BPA is a key chemical in the production of polycarbonate plastic and epoxy resins and is found in products ranging from baby bottles to tin can linings. BPA may break down and leach into food or beverages when it is heated. More than a billion pounds of BPA is produced in the United States each year. The U.S. Centers for Disease Control and Prevention has found BPA in 92 percent of Americans age six or older.

The new study will work with both an animal model and human prostate-like structures and is designed to characterize the dose-response and the period of susceptibility in the developing male, to determine which genes are modified and turned on or off as a result. The researchers also plan to test directly whether the epigenetically modified genes play an active role in the later development of cancer of the prostate gland.

It's our hope that the findings of this study will serve as a model for human exposures to prevalent environmental hormonal disruptors with suspected carcinogenic potential, said Prins.

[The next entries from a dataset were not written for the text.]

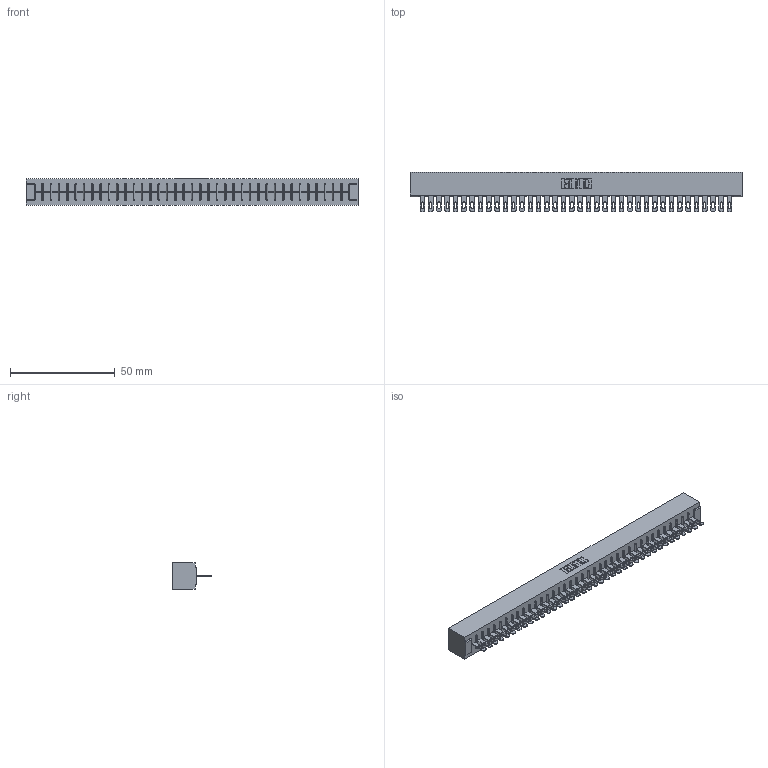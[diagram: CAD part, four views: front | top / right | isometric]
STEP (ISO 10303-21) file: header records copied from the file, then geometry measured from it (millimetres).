
FILE_DESCRIPTION (( 'STEP AP203' ), '1' );
FILE_NAME ('356-038-400-101.STEP', '2020-09-23T23:29:32', ( '' ), ( '' ), 'SwSTEP 2.0', 'SolidWorks 2020', '' );
FILE_SCHEMA (( 'CONFIG_CONTROL_DESIGN' ));
Length unit declared in the file: inch
Products named in the file (3): 356-038-400-101; 306 Part_No Mounting; 306-290-001_100
Assembly tree (39 placements, depth 2):
  356-038-400-101
    306 Part_No Mounting
    306-290-001_100  x38
Bounding box: 158.45 x 18.87 x 12.7 mm (x, y, z)
Volume: 18186.8 mm3; surface area: 19437.1 mm2
Topology: 39 solids, 39 shells, 2996 faces, 8462 edges, 5436 vertices
Faces by surface type: plane 1964, cylinder 880, sphere 152
Entity records: 35841 total; most frequent: CARTESIAN_POINT 6017, ORIENTED_EDGE 5964, DIRECTION 5934, EDGE_CURVE 2982, LINE 2332, VECTOR 2332, VERTEX_POINT 1884, AXIS2_PLACEMENT_3D 1801

The study may also lead to improved methods of screening men who may already be at risk, Prins said.

In addition to increasing our understanding of how BPA affects these changes on a molecular level, identification of the specific gene modifications caused by early exposure to BPA may provide us with biomarkers for identifying men at higher risk for prostate cancer as a result of environmental exposures, said Prins.